Chez le silure H. longifilis, la reproduction artificielle comporte sept principales étapes que nous allons décrire dans ce document technique.
1-Choix des géniteurs
Cette étape concerne les individus (mâles et femelles) qui seront utilisés pour faire la reproduction. Le premier critère de choix des géniteurs est leur âge qui doit être d’au moins un an. En plus d l’âge, la femelle doit présenter un ventre bien arrondi qui montre que les ovaires contiennent beaucoup d’œufs
femelles retenues doivent subir la biopsie intra-ovarienne qui consiste à introduire un cathéter (tuyau en plastique) d’environ 2 mm de diamètre dans leur orifice génital pour extraire des œufs (au moins 30). Ils sont ensuite étalés sur une lame puis observés à la loupe binoculaire pour la lecture de leur diamètre. On retient les femelles dont le diamètre moyen ovocytaire est supérieur ou égal à 1,5 mm. Mais on peut utiliser des femelles de diamètre moyen ovocytaire inférieur s’il n’y a en pas assez.

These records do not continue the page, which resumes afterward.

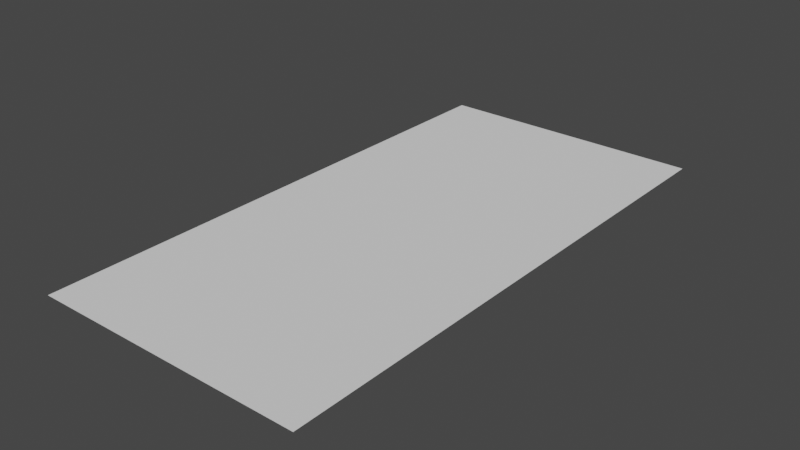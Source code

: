 # Source: shell.blend  (saved by Blender 3.3.6; exported with 4.5.12 LTS)
import bpy
from mathutils import Matrix  # noqa: F401  (used for matrix-valued properties, if any)

bpy.ops.wm.read_factory_settings(use_empty=True)
scene = bpy.context.scene
scene.name = 'Scene'

# ---- collections
col_collection = bpy.data.collections.new('Collection'); scene.collection.children.link(col_collection)

# ---- world
world_world = bpy.data.worlds.new('World'); scene.world = world_world
world_world.use_nodes = True; world_world.node_tree.nodes.clear()
_N = world_world.node_tree.nodes; _L = world_world.node_tree.links
n0 = _N.new('ShaderNodeOutputWorld'); n0.name = 'World Output'; n0.location = (300, 300)
n1 = _N.new('ShaderNodeBackground'); n1.name = 'Background'; n1.location = (10, 300)
n1.inputs[0].default_value = (0.05088, 0.05088, 0.05088, 1.0)
_L.new(n1.outputs[0], n0.inputs[0])
n0.is_active_output = True
world_world.color = (0.05088, 0.05088, 0.05088)
world_world.use_sun_shadow = False
world_world.sun_shadow_jitter_overblur = 0.0

# ---- meshes
me_plane = bpy.data.meshes.new('Plane')
me_plane.from_pydata([(0.5, -1.0, -8.742e-08), (-0.5, -1.0, 8.742e-08), (0.5, 1.0, -8.742e-08), (-0.5, 1.0, 8.742e-08)], [], [(0, 1, 3, 2)])
_uv = me_plane.uv_layers.new(name='UVMap')
_uv.uv.foreach_set('vector', [0.0, 0.0, 1.0, 0.0, 1.0, 1.0, 0.0, 1.0])
me_plane.update()

# ---- objects
ob_plane = bpy.data.objects.new('Plane', me_plane)

# ---- transforms, parenting, visibility, modifiers, constraints
ob_plane.location = (0.0, 0.0, 0.0)

# ---- collection membership
col_collection.objects.link(ob_plane)

# ---- scene / render settings (as saved in the file)
scene.frame_start = 1; scene.frame_end = 250; scene.frame_set(1)
scene.render.engine = 'BLENDER_EEVEE_NEXT'
scene.cycles.sampling_pattern = 'TABULATED_SOBOL'
scene.cycles.use_light_tree = False
scene.view_settings.view_transform = 'Filmic'
bpy.context.view_layer.update()

# ---- added for rendering (the .blend has no active camera and no usable light): camera, sun
cam_auto = bpy.data.cameras.new('AutoCamera')
cam_auto.lens = 50.0
cam_auto.sensor_width = 36.0
cam_auto.clip_end = 1000.0
ob_auto_camera = bpy.data.objects.new('AutoCamera', cam_auto)
scene.collection.objects.link(ob_auto_camera)
ob_auto_camera.location = (2.06887, -2.48264, 1.65509)
ob_auto_camera.rotation_euler = (1.09748, -7.21219e-08, 0.694738)
scene.camera = ob_auto_camera
light_auto_sun = bpy.data.lights.new('AutoSun', 'SUN')
light_auto_sun.energy = 3.0
light_auto_sun.angle = 0.0523599
ob_auto_sun = bpy.data.objects.new('AutoSun', light_auto_sun)
scene.collection.objects.link(ob_auto_sun)
ob_auto_sun.rotation_euler = (0.872665, 0.174533, 0.523599)
bpy.context.view_layer.update()
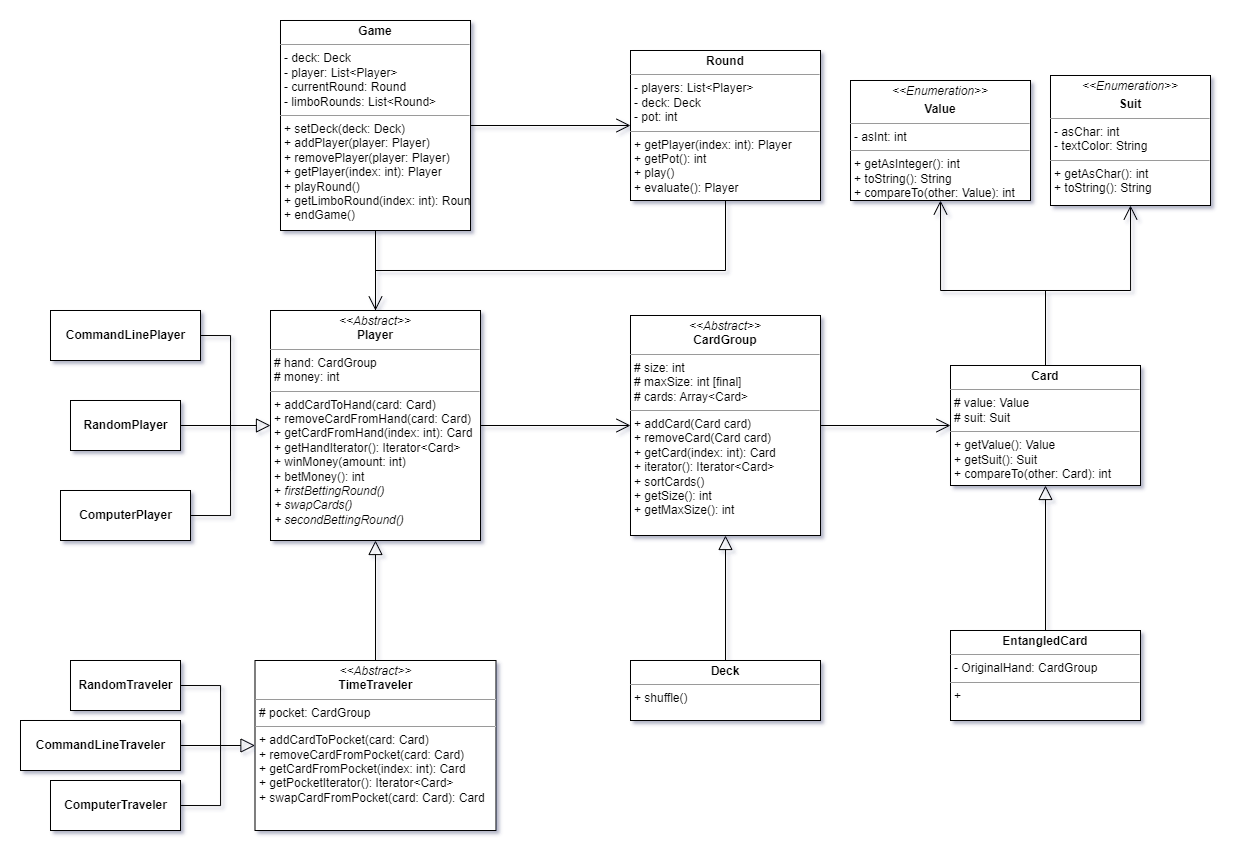

The diagram above was exported from draw.io. Its source (the exported page's mxGraphModel, read from the mxfile embedded in the PNG):
<mxGraphModel dx="1381" dy="1914" grid="1" gridSize="10" guides="1" tooltips="1" connect="1" arrows="1" fold="1" page="1" pageScale="1" pageWidth="827" pageHeight="1169" math="0" shadow="0">
  <root>
    <mxCell id="WIyWlLk6GJQsqaUBKTNV-0" />
    <mxCell id="WIyWlLk6GJQsqaUBKTNV-1" parent="WIyWlLk6GJQsqaUBKTNV-0" />
    <mxCell id="Su-BLx5nKFMt_1wj0Lbt-20" style="edgeStyle=orthogonalEdgeStyle;rounded=0;jumpStyle=arc;jumpSize=10;orthogonalLoop=1;jettySize=auto;html=1;exitX=1;exitY=0.5;exitDx=0;exitDy=0;entryX=0;entryY=0.5;entryDx=0;entryDy=0;endArrow=open;endFill=0;startSize=12;endSize=12;" edge="1" parent="WIyWlLk6GJQsqaUBKTNV-1" source="Su-BLx5nKFMt_1wj0Lbt-4" target="Su-BLx5nKFMt_1wj0Lbt-8">
      <mxGeometry relative="1" as="geometry" />
    </mxCell>
    <mxCell id="Su-BLx5nKFMt_1wj0Lbt-4" value="&lt;p style=&quot;margin:0px;margin-top:4px;text-align:center;&quot;&gt;&lt;i&gt;&amp;lt;&amp;lt;Abstract&amp;gt;&amp;gt;&lt;/i&gt;&lt;br&gt;&lt;b&gt;Player&lt;/b&gt;&lt;/p&gt;&lt;hr size=&quot;1&quot;&gt;&lt;p style=&quot;margin:0px;margin-left:4px;&quot;&gt;# hand: CardGroup&lt;/p&gt;&lt;p style=&quot;margin:0px;margin-left:4px;&quot;&gt;# money: int&lt;/p&gt;&lt;hr size=&quot;1&quot;&gt;&lt;p style=&quot;margin:0px;margin-left:4px;&quot;&gt;+ addCardToHand(card: Card)&lt;/p&gt;&lt;p style=&quot;margin:0px;margin-left:4px;&quot;&gt;+ removeCardFromHand(card: Card)&lt;/p&gt;&lt;p style=&quot;margin:0px;margin-left:4px;&quot;&gt;+ getCardFromHand(index: int): Card&lt;/p&gt;&lt;p style=&quot;margin:0px;margin-left:4px;&quot;&gt;+ getHandIterator(): Iterator&amp;lt;Card&amp;gt;&lt;/p&gt;&lt;p style=&quot;margin:0px;margin-left:4px;&quot;&gt;+ winMoney(amount: int)&lt;/p&gt;&lt;p style=&quot;margin:0px;margin-left:4px;&quot;&gt;+ betMoney(): int&lt;/p&gt;&lt;p style=&quot;margin:0px;margin-left:4px;&quot;&gt;+ &lt;i&gt;firstBettingRound()&lt;/i&gt;&lt;/p&gt;&lt;p style=&quot;margin:0px;margin-left:4px;&quot;&gt;&lt;i&gt;+ swapCards()&lt;/i&gt;&lt;/p&gt;&lt;p style=&quot;margin:0px;margin-left:4px;&quot;&gt;&lt;i&gt;+ secondBettingRound()&lt;/i&gt;&lt;/p&gt;" style="verticalAlign=top;align=left;overflow=fill;fontSize=12;fontFamily=Helvetica;html=1;" vertex="1" parent="WIyWlLk6GJQsqaUBKTNV-1">
      <mxGeometry x="280" y="-20" width="210" height="230" as="geometry" />
    </mxCell>
    <mxCell id="Su-BLx5nKFMt_1wj0Lbt-45" style="edgeStyle=orthogonalEdgeStyle;rounded=0;jumpStyle=none;jumpSize=10;orthogonalLoop=1;jettySize=auto;html=1;exitX=0.5;exitY=1;exitDx=0;exitDy=0;entryX=0.5;entryY=0;entryDx=0;entryDy=0;endArrow=none;endFill=0;startSize=12;endSize=12;startArrow=open;startFill=0;" edge="1" parent="WIyWlLk6GJQsqaUBKTNV-1" source="Su-BLx5nKFMt_1wj0Lbt-6" target="Su-BLx5nKFMt_1wj0Lbt-13">
      <mxGeometry relative="1" as="geometry">
        <Array as="points">
          <mxPoint x="950" y="-40" />
          <mxPoint x="1055" y="-40" />
        </Array>
      </mxGeometry>
    </mxCell>
    <mxCell id="Su-BLx5nKFMt_1wj0Lbt-6" value="&lt;p style=&quot;margin:0px;margin-top:4px;text-align:center;&quot;&gt;&lt;i&gt;&amp;lt;&amp;lt;Enumeration&amp;gt;&amp;gt;&lt;/i&gt;&lt;/p&gt;&lt;p style=&quot;margin:0px;margin-top:4px;text-align:center;&quot;&gt;&lt;b&gt;Value&lt;/b&gt;&lt;/p&gt;&lt;hr size=&quot;1&quot;&gt;&lt;p style=&quot;margin:0px;margin-left:4px;&quot;&gt;- asInt: int&lt;/p&gt;&lt;hr size=&quot;1&quot;&gt;&lt;p style=&quot;margin:0px;margin-left:4px;&quot;&gt;+ getAsInteger(): int&lt;/p&gt;&lt;p style=&quot;margin:0px;margin-left:4px;&quot;&gt;+ toString(): String&lt;/p&gt;&lt;p style=&quot;margin:0px;margin-left:4px;&quot;&gt;+ compareTo(other: Value): int&lt;/p&gt;" style="verticalAlign=top;align=left;overflow=fill;fontSize=12;fontFamily=Helvetica;html=1;" vertex="1" parent="WIyWlLk6GJQsqaUBKTNV-1">
      <mxGeometry x="860" y="-250" width="180" height="120" as="geometry" />
    </mxCell>
    <mxCell id="Su-BLx5nKFMt_1wj0Lbt-46" style="edgeStyle=orthogonalEdgeStyle;rounded=0;jumpStyle=none;jumpSize=10;orthogonalLoop=1;jettySize=auto;html=1;exitX=0.5;exitY=1;exitDx=0;exitDy=0;endArrow=none;endFill=0;startSize=12;endSize=12;startArrow=open;startFill=0;" edge="1" parent="WIyWlLk6GJQsqaUBKTNV-1" source="Su-BLx5nKFMt_1wj0Lbt-7">
      <mxGeometry relative="1" as="geometry">
        <mxPoint x="1010" y="-40" as="targetPoint" />
        <Array as="points">
          <mxPoint x="1140" y="-40" />
        </Array>
      </mxGeometry>
    </mxCell>
    <mxCell id="Su-BLx5nKFMt_1wj0Lbt-7" value="&lt;p style=&quot;margin:0px;margin-top:4px;text-align:center;&quot;&gt;&lt;i&gt;&amp;lt;&amp;lt;Enumeration&amp;gt;&amp;gt;&lt;/i&gt;&lt;/p&gt;&lt;p style=&quot;margin:0px;margin-top:4px;text-align:center;&quot;&gt;&lt;b&gt;Suit&lt;/b&gt;&lt;/p&gt;&lt;hr size=&quot;1&quot;&gt;&lt;p style=&quot;margin:0px;margin-left:4px;&quot;&gt;- asChar: int&lt;/p&gt;&lt;p style=&quot;margin:0px;margin-left:4px;&quot;&gt;- textColor: String&lt;/p&gt;&lt;hr size=&quot;1&quot;&gt;&lt;p style=&quot;margin:0px;margin-left:4px;&quot;&gt;+ getAsChar(): int&lt;/p&gt;&lt;p style=&quot;margin:0px;margin-left:4px;&quot;&gt;+ toString(): String&lt;/p&gt;" style="verticalAlign=top;align=left;overflow=fill;fontSize=12;fontFamily=Helvetica;html=1;" vertex="1" parent="WIyWlLk6GJQsqaUBKTNV-1">
      <mxGeometry x="1060" y="-255" width="160" height="130" as="geometry" />
    </mxCell>
    <mxCell id="Su-BLx5nKFMt_1wj0Lbt-23" style="edgeStyle=orthogonalEdgeStyle;rounded=0;jumpStyle=arc;jumpSize=10;orthogonalLoop=1;jettySize=auto;html=1;exitX=1;exitY=0.5;exitDx=0;exitDy=0;entryX=0;entryY=0.5;entryDx=0;entryDy=0;endArrow=open;endFill=0;startSize=12;endSize=12;" edge="1" parent="WIyWlLk6GJQsqaUBKTNV-1" source="Su-BLx5nKFMt_1wj0Lbt-8" target="Su-BLx5nKFMt_1wj0Lbt-13">
      <mxGeometry relative="1" as="geometry" />
    </mxCell>
    <mxCell id="Su-BLx5nKFMt_1wj0Lbt-8" value="&lt;p style=&quot;margin:0px;margin-top:4px;text-align:center;&quot;&gt;&lt;i&gt;&amp;lt;&amp;lt;Abstract&amp;gt;&amp;gt;&lt;/i&gt;&lt;br&gt;&lt;b&gt;CardGroup&lt;/b&gt;&lt;/p&gt;&lt;hr size=&quot;1&quot;&gt;&lt;p style=&quot;margin:0px;margin-left:4px;&quot;&gt;# size: int&lt;/p&gt;&lt;p style=&quot;margin:0px;margin-left:4px;&quot;&gt;# maxSize: int [final]&lt;/p&gt;&lt;p style=&quot;margin:0px;margin-left:4px;&quot;&gt;# cards: Array&amp;lt;Card&amp;gt;&lt;/p&gt;&lt;hr size=&quot;1&quot;&gt;&lt;p style=&quot;margin:0px;margin-left:4px;&quot;&gt;+ addCard(Card card)&lt;/p&gt;&lt;p style=&quot;margin:0px;margin-left:4px;&quot;&gt;+ removeCard(Card card)&lt;/p&gt;&lt;p style=&quot;margin:0px;margin-left:4px;&quot;&gt;+ getCard(index: int): Card&lt;/p&gt;&lt;p style=&quot;margin:0px;margin-left:4px;&quot;&gt;+ iterator(): Iterator&amp;lt;Card&amp;gt;&lt;/p&gt;&lt;p style=&quot;margin:0px;margin-left:4px;&quot;&gt;+ sortCards()&lt;/p&gt;&lt;p style=&quot;margin:0px;margin-left:4px;&quot;&gt;+ getSize(): int&lt;/p&gt;&lt;p style=&quot;margin:0px;margin-left:4px;&quot;&gt;+ getMaxSize(): int&lt;/p&gt;" style="verticalAlign=top;align=left;overflow=fill;fontSize=12;fontFamily=Helvetica;html=1;" vertex="1" parent="WIyWlLk6GJQsqaUBKTNV-1">
      <mxGeometry x="640" y="-15" width="190" height="220" as="geometry" />
    </mxCell>
    <mxCell id="Su-BLx5nKFMt_1wj0Lbt-35" style="edgeStyle=orthogonalEdgeStyle;rounded=0;jumpStyle=arc;jumpSize=10;orthogonalLoop=1;jettySize=auto;html=1;exitX=1;exitY=0.5;exitDx=0;exitDy=0;entryX=0;entryY=0.5;entryDx=0;entryDy=0;endArrow=block;endFill=0;startSize=12;endSize=12;" edge="1" parent="WIyWlLk6GJQsqaUBKTNV-1" source="Su-BLx5nKFMt_1wj0Lbt-10" target="Su-BLx5nKFMt_1wj0Lbt-4">
      <mxGeometry relative="1" as="geometry" />
    </mxCell>
    <mxCell id="Su-BLx5nKFMt_1wj0Lbt-10" value="&lt;b&gt;RandomPlayer&lt;/b&gt;" style="html=1;" vertex="1" parent="WIyWlLk6GJQsqaUBKTNV-1">
      <mxGeometry x="80" y="70" width="110" height="50" as="geometry" />
    </mxCell>
    <mxCell id="Su-BLx5nKFMt_1wj0Lbt-40" style="edgeStyle=orthogonalEdgeStyle;rounded=0;jumpStyle=none;jumpSize=10;orthogonalLoop=1;jettySize=auto;html=1;exitX=1;exitY=0.5;exitDx=0;exitDy=0;endArrow=none;endFill=0;startSize=12;endSize=12;" edge="1" parent="WIyWlLk6GJQsqaUBKTNV-1" source="Su-BLx5nKFMt_1wj0Lbt-11">
      <mxGeometry relative="1" as="geometry">
        <mxPoint x="240" y="140" as="targetPoint" />
      </mxGeometry>
    </mxCell>
    <mxCell id="Su-BLx5nKFMt_1wj0Lbt-11" value="&lt;b&gt;CommandLinePlayer&lt;/b&gt;" style="html=1;" vertex="1" parent="WIyWlLk6GJQsqaUBKTNV-1">
      <mxGeometry x="60" y="-20" width="150" height="50" as="geometry" />
    </mxCell>
    <mxCell id="Su-BLx5nKFMt_1wj0Lbt-33" style="edgeStyle=orthogonalEdgeStyle;rounded=0;jumpStyle=arc;jumpSize=10;orthogonalLoop=1;jettySize=auto;html=1;exitX=0.5;exitY=0;exitDx=0;exitDy=0;entryX=0.5;entryY=1;entryDx=0;entryDy=0;endArrow=block;endFill=0;startSize=12;endSize=12;" edge="1" parent="WIyWlLk6GJQsqaUBKTNV-1" source="Su-BLx5nKFMt_1wj0Lbt-12" target="Su-BLx5nKFMt_1wj0Lbt-4">
      <mxGeometry relative="1" as="geometry" />
    </mxCell>
    <mxCell id="Su-BLx5nKFMt_1wj0Lbt-12" value="&lt;p style=&quot;margin:0px;margin-top:4px;text-align:center;&quot;&gt;&lt;i&gt;&amp;lt;&amp;lt;Abstract&amp;gt;&amp;gt;&lt;/i&gt;&lt;br&gt;&lt;b&gt;TimeTraveler&lt;/b&gt;&lt;/p&gt;&lt;hr size=&quot;1&quot;&gt;&lt;p style=&quot;margin:0px;margin-left:4px;&quot;&gt;# pocket: CardGroup&lt;/p&gt;&lt;hr size=&quot;1&quot;&gt;&lt;p style=&quot;margin:0px;margin-left:4px;&quot;&gt;+ addCardToPocket(card: Card)&lt;/p&gt;&lt;p style=&quot;margin:0px;margin-left:4px;&quot;&gt;+ removeCardFromPocket(card: Card)&lt;/p&gt;&lt;p style=&quot;margin:0px;margin-left:4px;&quot;&gt;+ getCardFromPocket(index: int): Card&lt;/p&gt;&lt;p style=&quot;margin:0px;margin-left:4px;&quot;&gt;+ getPocketIterator(): Iterator&amp;lt;Card&amp;gt;&lt;/p&gt;&lt;p style=&quot;margin:0px;margin-left:4px;&quot;&gt;+ swapCardFromPocket(card: Card): Card&lt;/p&gt;" style="verticalAlign=top;align=left;overflow=fill;fontSize=12;fontFamily=Helvetica;html=1;" vertex="1" parent="WIyWlLk6GJQsqaUBKTNV-1">
      <mxGeometry x="264.5" y="330" width="241" height="170" as="geometry" />
    </mxCell>
    <mxCell id="Su-BLx5nKFMt_1wj0Lbt-13" value="&lt;p style=&quot;margin:0px;margin-top:4px;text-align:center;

Les géniteurs choisis sont gardés dans des bacs de conditionnement disposés dans une salle dotée d’un système de renouvellement de l’eau.
Planche 1 : Géniteurs de silure Heterobranchus longifilis (A) dont une femelle choisie, subit la biopsie intraovarienne (B)
2- Injection d’hormone aux femelles choisies
On doit injecter de l’hormone (HCG) aux femelles pour achever la maturation des œufs. La dose d’hormone injectée à chaque femelle dépend de son poids. Elle est de 1,5 UI/g de poids corporel. L’injection se fait entre les nageoires dorsale et adipeuse, au-dessus de la ligne latérale, à l’aide d’une seringue de 1 ml dans laquelle on dilue l’hormone (sous forme de poudre blanche) dans 1 ml de solvant qui du NaCl à 0,9 %. Après l’injection, les femelles sont conservées dans les bacs de conditionnement en attendant la collecte des œufs par massage abdominal. Le temps qui sépare l’injection d’hormone et la collecte des œufs est appelé temps de latence et dépend de la température de l’eau dans les bacs de conditionnement. Les travaux antérieurs ont permis de déterminer les variations de ce temps en fonction de la température de l’eau dans les bacs de conditionnement des géniteurs (Tableau I). Le respect de ce temps de latence est nécessaire pour la réussite de la reproduction, car on risquerait d’extraire soit des œufs non matures, soit des œufs en état de surmaturation.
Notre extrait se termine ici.